FIG. 9.

(A) Schematic representation of the construct that drives the expression of a constitutively active mutant of MEK1 and LacZ under the control of a 2.4-kb prx1 promoter. (B) X-Gal staining of an E15.5 embryo showing transgene expression in the limb and cranium. (C) X-Gal staining of the distal ulna of an E15.5 embryo showing transgene expression in the periarticular chondrocytes, periosteum, and perichondrium. (D) Immunostaining of the FLAG-tagged MEK1(S218/222E, Δ32-51) using anti-M5 FLAG antibody showing transgene expression in the periarticular chondrocytes (arrows), periosteum (arrowheads), and perichondrium of the distal radius of a Prx1-MEK1 transgenic embryo at E15.5 (middle panel).
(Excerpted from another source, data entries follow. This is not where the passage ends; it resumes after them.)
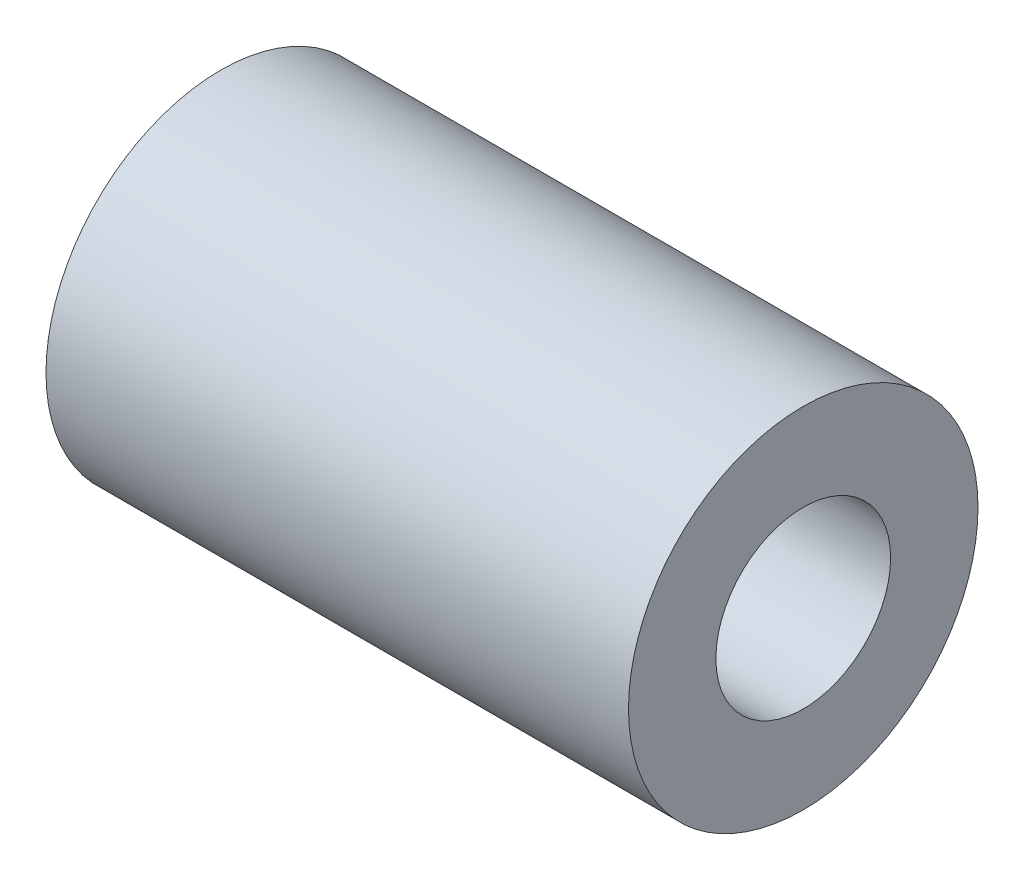
from build123d import *

# Parameters (mm, degrees)
SKETCH_1_R      = 3
SKETCH_1_R_2    = 1.5
EXTRUDE_1_DEPTH = 10


with BuildPart() as part:
    # 草图1 → 凸台-拉伸1 (new body)
    with BuildSketch(Plane(origin=(0, 0, 0), x_dir=(0, 0, -1), z_dir=(1, 0, 0))):
        Circle(SKETCH_1_R)
        Circle(SKETCH_1_R_2, mode=Mode.SUBTRACT)
    extrude(amount=EXTRUDE_1_DEPTH)


solid = part.part
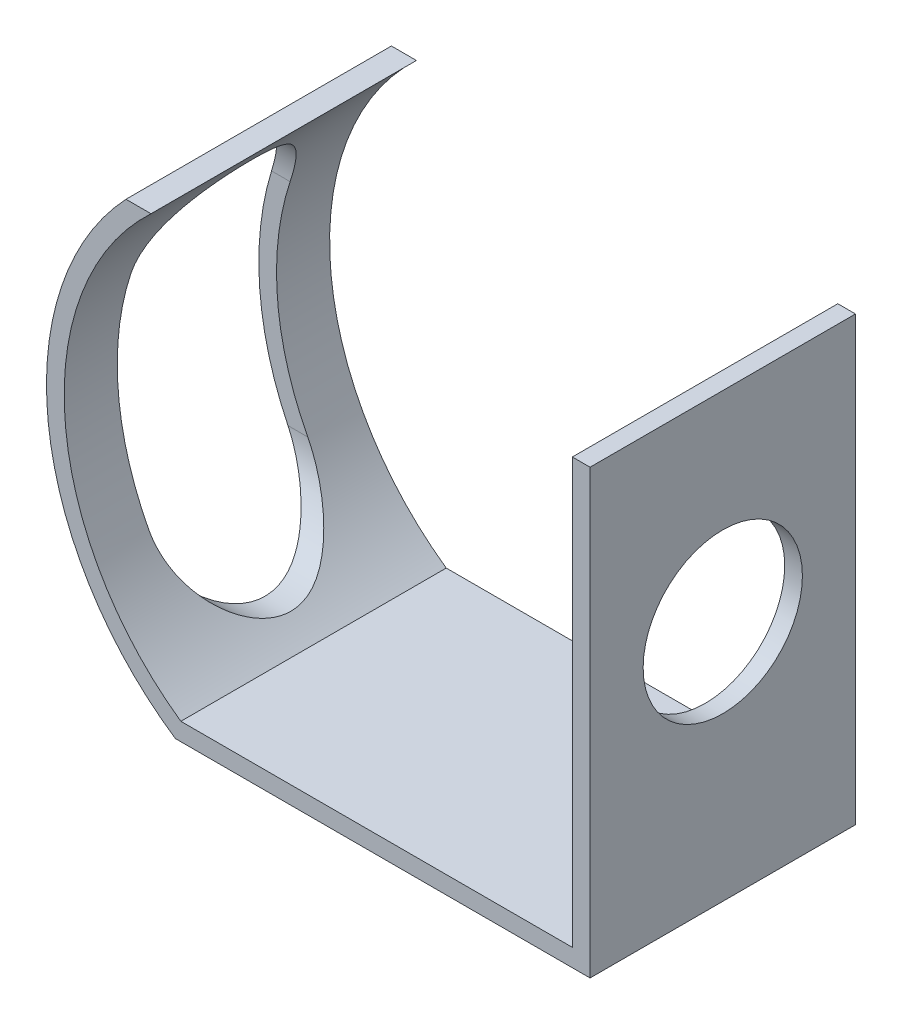
from build123d import *

# Parameters (mm, degrees)
SALIENTE_EXTRUIR1_DEPTH    = 75
CORTAR_EXTRUIR1_REACH      = 405.099
CROQUIS2_R                 = 45
CORTAR_EXTRUIR2_REACH      = 397.531
CORTAR_EXTRUIR2_END_RADIUS = 165


with BuildPart() as part:
    # Croquis1 → Saliente-Extruir1 (new, symmetric)
    with BuildSketch(Plane.XY):
        with BuildLine():
            Line((-10, 250), (0, 250))
            Line((0, 250), (0, 0))
            Line((0, 0), (-234.378862456, 0))
            ThreePointArc((-234.378862456, 0), (-306.168920604, 118.546607009), (-262.269991763, 250))
            Line((-262.269991763, 250), (-248.111243039, 250))
            ThreePointArc((-248.111243039, 250), (-296.806166022, 125.992691614), (-231.272178278, 10))
            Line((-231.272178278, 10), (-10, 10))
            Line((-10, 10), (-10, 250))
        make_face()
    extrude(amount=SALIENTE_EXTRUIR1_DEPTH, both=True)

    # Croquis2 → Cortar-Extruir1 (cut, up to next)
    with BuildSketch(Plane(origin=(0, 0, 0), x_dir=(0, 0, -1), z_dir=(1, 0, 0)), mode=Mode.PRIVATE) as cortar_extruir1_sk1:
        with Locations(Location((0, 136.841249694, 0), (0, 0, 90))):
            Circle(CROQUIS2_R)
    cortar_extruir1_tool1 = extrude(cortar_extruir1_sk1.sketch, amount=-CORTAR_EXTRUIR1_REACH, mode=Mode.PRIVATE) & part.part
    add(cortar_extruir1_tool1.solids().sort_by_distance((0, 136.84125, 0))[0], mode=Mode.SUBTRACT)

    # Cortar-Extruir2: up to this cylinder (the profile starts inside it)
    cortar_extruir2_end = Plane(origin=(-142.186281275, 136.841251, 0), z_dir=(0, 0, -1)) * Cylinder(CORTAR_EXTRUIR2_END_RADIUS, 1126.062, mode=Mode.PRIVATE)
    # Croquis3 → Cortar-Extruir2 (cut, up to the surface)
    with BuildSketch(Plane.ZY.offset(10), mode=Mode.PRIVATE) as cortar_extruir2_sk1:
        with BuildLine():
            Line((45, 185), (45, 65))
            ThreePointArc((45, 65), (0, 20), (-45, 65))
            Line((-45, 65), (-45, 185))
            ThreePointArc((-45, 185), (0, 230), (45, 185))
        make_face()
    cortar_extruir2_tool1 = extrude(cortar_extruir2_sk1.sketch, amount=CORTAR_EXTRUIR2_REACH, mode=Mode.PRIVATE) & cortar_extruir2_end
    add(cortar_extruir2_tool1.solids().sort_by_distance((-10, 125, 0))[0], mode=Mode.SUBTRACT)


solid = part.part

No immunoreactivity was observed in a wild-type (Wt) littermate embryo (left panel). The immunostained section was further stained with alcian blue and eosin (right panel). The cartilaginous matrix of transgene-expressing periarticular chondrocytes (arrows) shows reduced alcian blue staining. (E) Skeletal preparation of the forelimbs after alizarin red and alcian blue staining. Transgenic mice showed a thickening and shorting of long bones at P8. Wt, wild type; Tg, transgenic. (F) Skeletal preparation of the cranium after X-Gal and alizarin red staining showing transgene expression in the mesenchyme of the lambdoid suture. Transgenic mice showed an accelerated closure of the lambdoid suture at E17.5.